The manuscript is very well-written, and a project of this magnitude and importance deserves the publication of such a detailed description of its goals, priorities and design. However, the manuscript would be significantly improved and be of much greater value if it also contained some preliminary data on a couple of key areas. -Thank you. We have introduced several data metrics and a number of new figures into the updated manuscript, thus substantially improving the amount of data we have included.

Participant attitudes, consent rates, and engagement: On page 12, these issues are alluded to briefly, with references (63-65) to 3 Genomics England white papers or publications. It is not clear whether these represent peer-reviewed publications easily accessible to the public. -The white papers are referenced as web resources to ensure that they can be accessed by readers.

It might be useful to reproduce key summary information in a table or figure for this manuscript to highlight key findings. Of particular interest to compare to other similar biobank/genomics projects would be items such as consent rates, clinical/EHR data descriptors such as longevity of retrospective clinical information, # clinical encounters, # laboratory values, etc. -We have now included “number of HPO terms (positive and total) per participant” (fig h) and number of additional linked data items from external datasets from HES, imaging, ONS and PROM datasets (fig i). For the HES data, we have broken it down into data terms by year and by source (outpatient, admissions, A&E, critical care) (fig i). Further detailed analyses of these datasets are beyond the scope of this summary paper, but we agree that some high-level inclusion of these data indeed enhance the paper.
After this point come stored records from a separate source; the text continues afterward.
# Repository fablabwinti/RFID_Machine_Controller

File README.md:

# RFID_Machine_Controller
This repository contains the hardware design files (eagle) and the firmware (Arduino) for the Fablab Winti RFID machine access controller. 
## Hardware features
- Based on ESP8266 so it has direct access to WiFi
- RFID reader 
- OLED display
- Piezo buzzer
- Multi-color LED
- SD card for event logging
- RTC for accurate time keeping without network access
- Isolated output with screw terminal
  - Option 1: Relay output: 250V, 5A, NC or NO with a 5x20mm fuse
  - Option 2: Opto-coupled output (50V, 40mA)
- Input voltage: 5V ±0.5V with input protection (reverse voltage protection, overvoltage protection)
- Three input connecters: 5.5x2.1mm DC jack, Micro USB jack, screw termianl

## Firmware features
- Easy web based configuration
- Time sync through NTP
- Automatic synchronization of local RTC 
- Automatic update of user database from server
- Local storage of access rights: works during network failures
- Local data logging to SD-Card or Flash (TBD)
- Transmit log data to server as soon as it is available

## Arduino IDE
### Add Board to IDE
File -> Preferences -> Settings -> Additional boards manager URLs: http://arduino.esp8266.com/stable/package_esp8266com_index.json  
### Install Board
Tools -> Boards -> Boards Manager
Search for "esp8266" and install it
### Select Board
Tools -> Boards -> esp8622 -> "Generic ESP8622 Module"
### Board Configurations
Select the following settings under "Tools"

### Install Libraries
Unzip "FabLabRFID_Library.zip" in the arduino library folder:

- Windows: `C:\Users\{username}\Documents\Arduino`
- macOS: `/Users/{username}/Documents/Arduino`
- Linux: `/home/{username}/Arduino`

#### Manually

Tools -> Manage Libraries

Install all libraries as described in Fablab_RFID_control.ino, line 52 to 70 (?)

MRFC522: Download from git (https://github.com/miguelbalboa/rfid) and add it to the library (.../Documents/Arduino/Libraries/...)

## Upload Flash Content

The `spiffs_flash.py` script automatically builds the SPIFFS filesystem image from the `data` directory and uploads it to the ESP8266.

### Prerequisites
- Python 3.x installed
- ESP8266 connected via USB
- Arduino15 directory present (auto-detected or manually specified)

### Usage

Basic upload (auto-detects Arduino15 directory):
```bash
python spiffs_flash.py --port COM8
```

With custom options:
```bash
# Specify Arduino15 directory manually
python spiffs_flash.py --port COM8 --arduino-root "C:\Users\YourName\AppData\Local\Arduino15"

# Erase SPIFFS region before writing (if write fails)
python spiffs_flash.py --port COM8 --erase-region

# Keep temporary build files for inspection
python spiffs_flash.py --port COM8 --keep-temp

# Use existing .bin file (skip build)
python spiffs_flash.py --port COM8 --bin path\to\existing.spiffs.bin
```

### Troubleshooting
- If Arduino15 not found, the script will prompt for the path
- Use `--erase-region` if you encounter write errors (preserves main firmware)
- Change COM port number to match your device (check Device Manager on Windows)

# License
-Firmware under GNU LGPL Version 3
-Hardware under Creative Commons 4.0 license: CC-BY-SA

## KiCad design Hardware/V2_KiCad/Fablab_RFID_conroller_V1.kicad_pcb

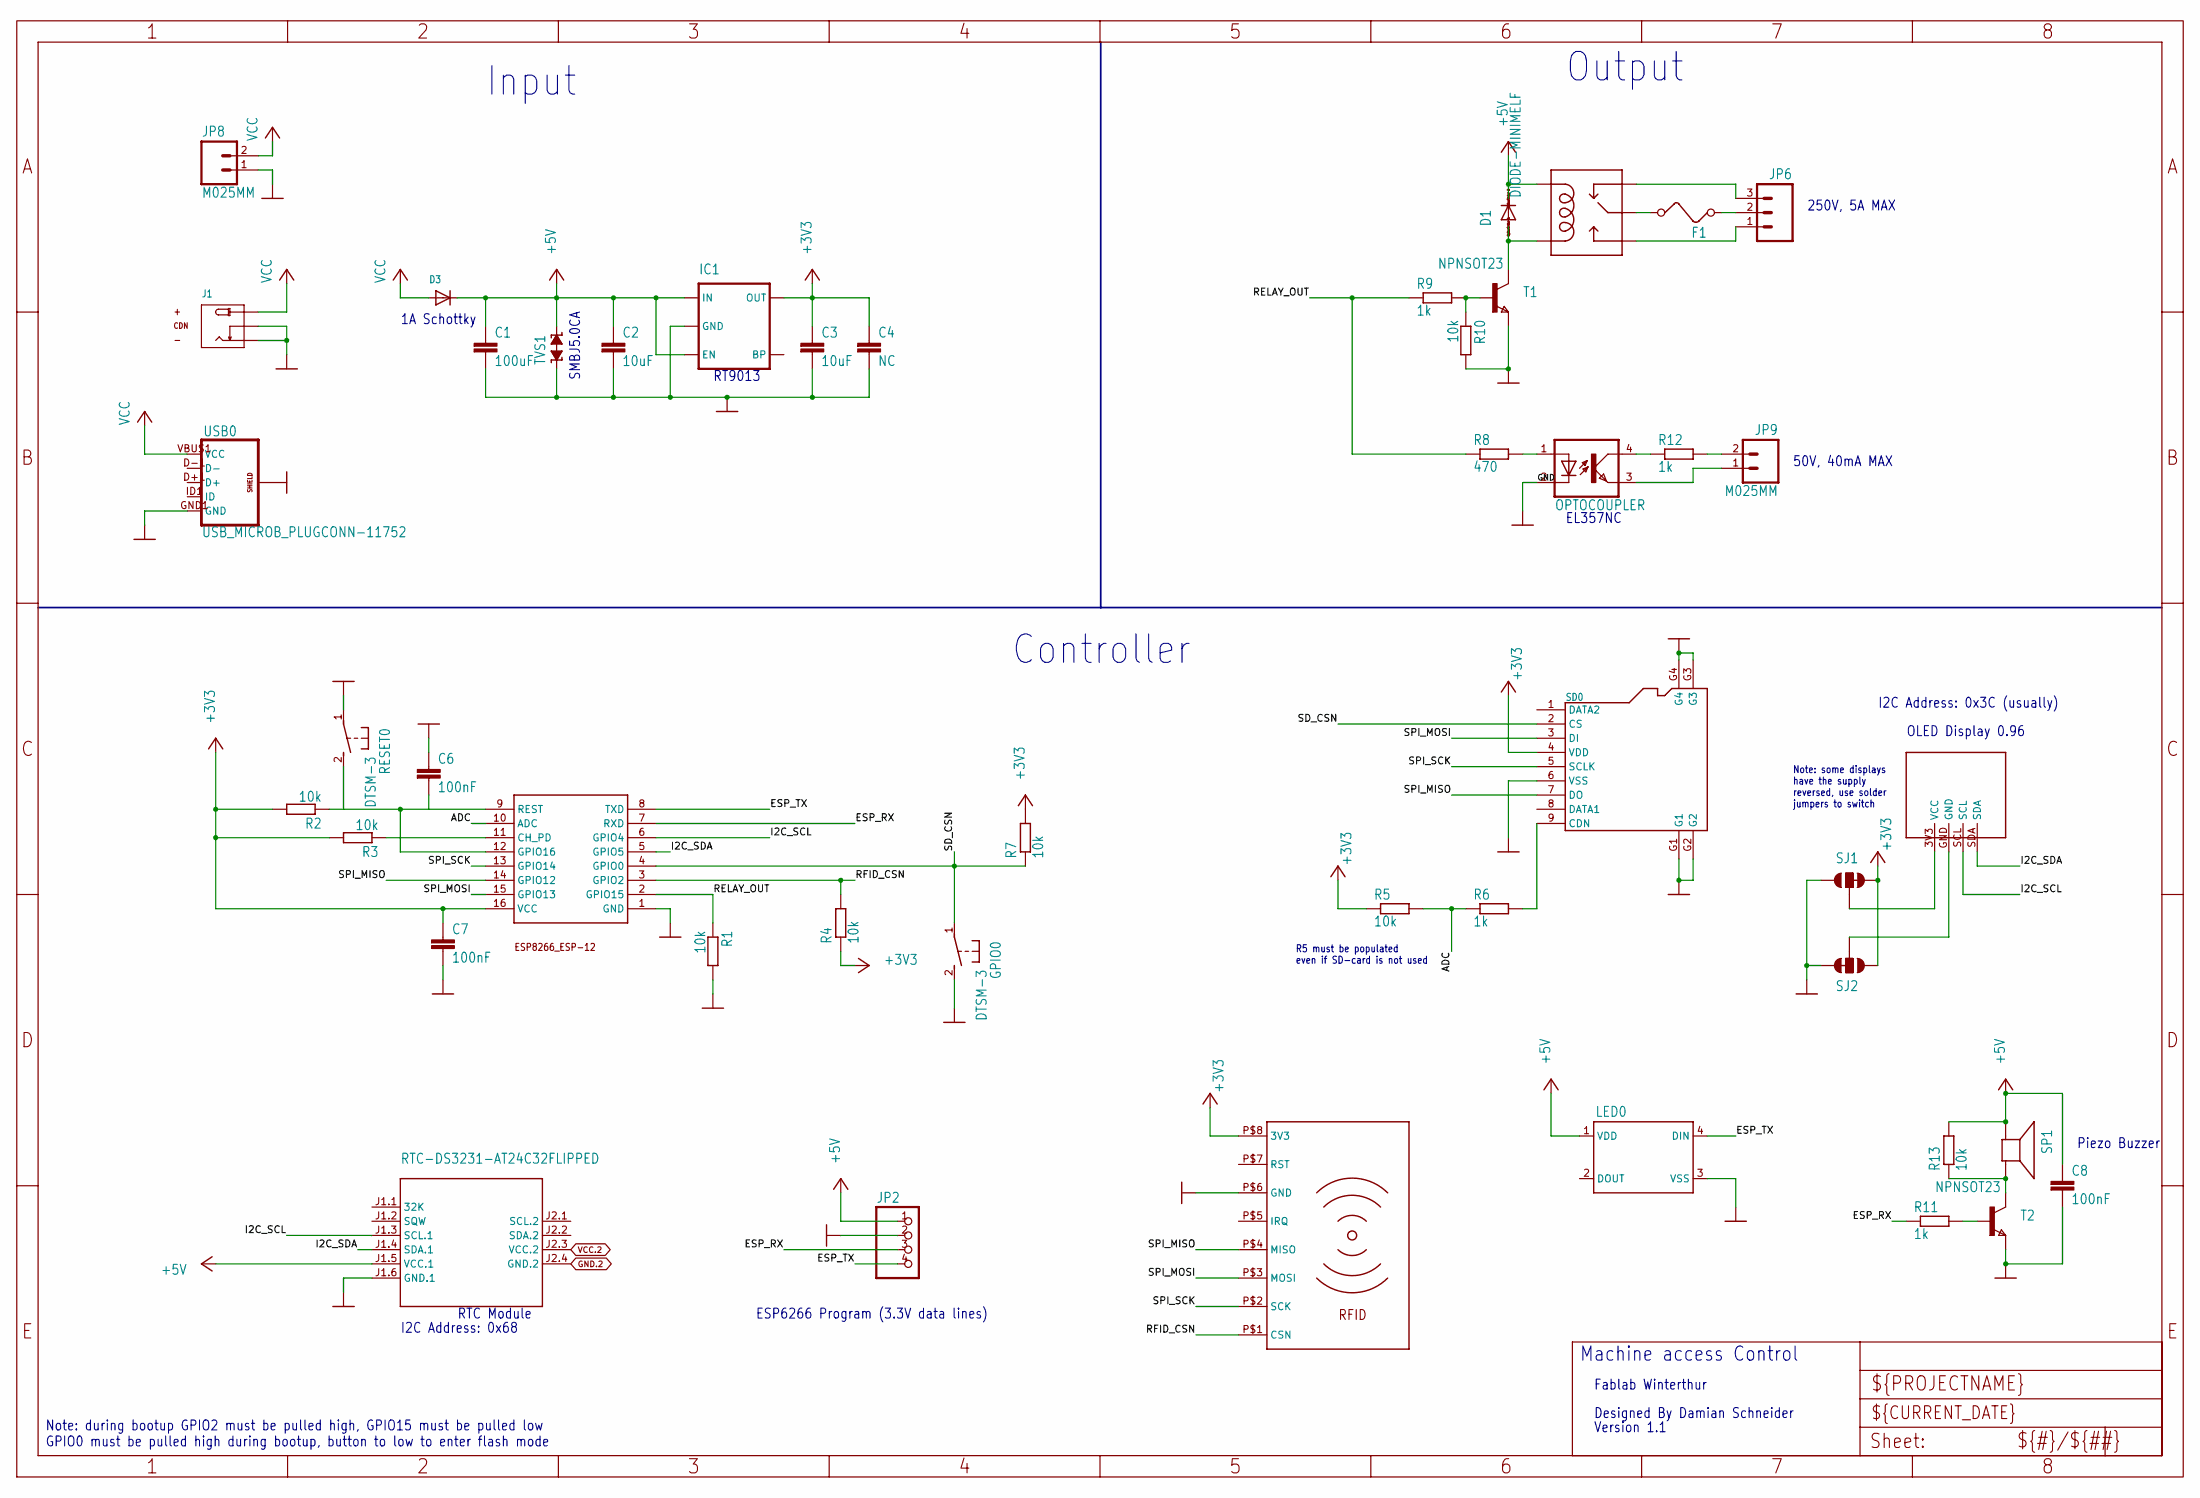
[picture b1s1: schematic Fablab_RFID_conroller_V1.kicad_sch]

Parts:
C1: 100uF; C1206
C2, C3: 10uF; C0805
C4: NC; C1206
C6, C7, C8: 100nF; C0603
D1: DIODE-MINIMELF; MINIMELF
D3: DIODESMA; SMADIODE
ESP0: ESP8266_ESP-12; ESP8266-ESP12
F1: FUSE
GPIO0: DTSM-3
IC1: V_REG_LDOSMD; SOT23-5
J1: JACK-DC-3P-3410020P1; PW-3P-2.1
JP2: HEADER-1X476MIL; 1X04_ROUND_76
JP6: M03-SCREW-5MM; SCREWTERMINAL-5MM-3
JP8, JP9: M025MM; SCREWTERMINAL-5MM-2
LED0: WS2812B
OC1: OPTOCOUPLER; SOP04
OLED0: OLED_0.96_I2CNOHOLES; OLED_0.96_I2C_NOHOLES
R1, R2, R3, R4, R5, R7, R10, R13: 10k; R0603
R6, R9, R11: 1k; R0603
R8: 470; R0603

Early sequencing data quality/experience: On page 8, the authors describe a goal of >1,000 WGS per week and a start date of March 2016. It would be useful to know where the sequencing throughput stands after 9-10 months start-up, and some high-level description of quality of sequence, success rates of obtaining high-quality results, etc. On page 14, Box f states that 10,000 WGS were completed in April, 2016--is this really supposed to be April, 2017? -We have now included figures on number of sequences performed (fig f), coverage (fig g), as well as additional metrics included in the text: “The first patients from the NHS Genomic Medicine Centres were recruited in February 2015, with an average weekly recruitment of ~650 participants and cumulative recruitment of 46,698 participants by October 2017 (fig e). Sequencing at the 100,000 Genomes Project Sequencing centre in Hinxton commenced in March 2016; by October 2017, a cumulative total of 36,083 WGS had been generated. Constitutional samples are been sequenced to produce a minimum of 85 GB of data per sample (>300 million high quality, non-duplicated sequencing reads per samples ensuring at least 15 sequencing read coverage for over 90% of the 3.2 billion bases in each patient genome, figs f and g).”

Returning patient results: On page 14, it is stated that the first results returned were in March, 2015 and that 1,000 will be returned by end of 2016. Can some high-level summary data be presented here that will not interfere with separate, more detailed publication of these results? -We have now included figures on rare disease recruitment by disease category (e), as well as detailing number of results returned and diagnostic rate in the text. “By October 2017, results had been returned to 4426 NHS participants with a preliminary diagnostic rate of 22%.”

I am sympathetic to the authors desires to publish detailed data on these several areas in separate manuscripts, but really think that inclusion of at least high-level summaries will enhance the interest and value of this manuscript. -Thank you for your detailed review: the suggested amendments have, I believe, enhanced the paper substantially. We have completely rewritten, restructured and shortened the paper in response to your most helpful comments. We hope that the shorter and more data-rich manuscript reflects improvement in the direction you were proposing.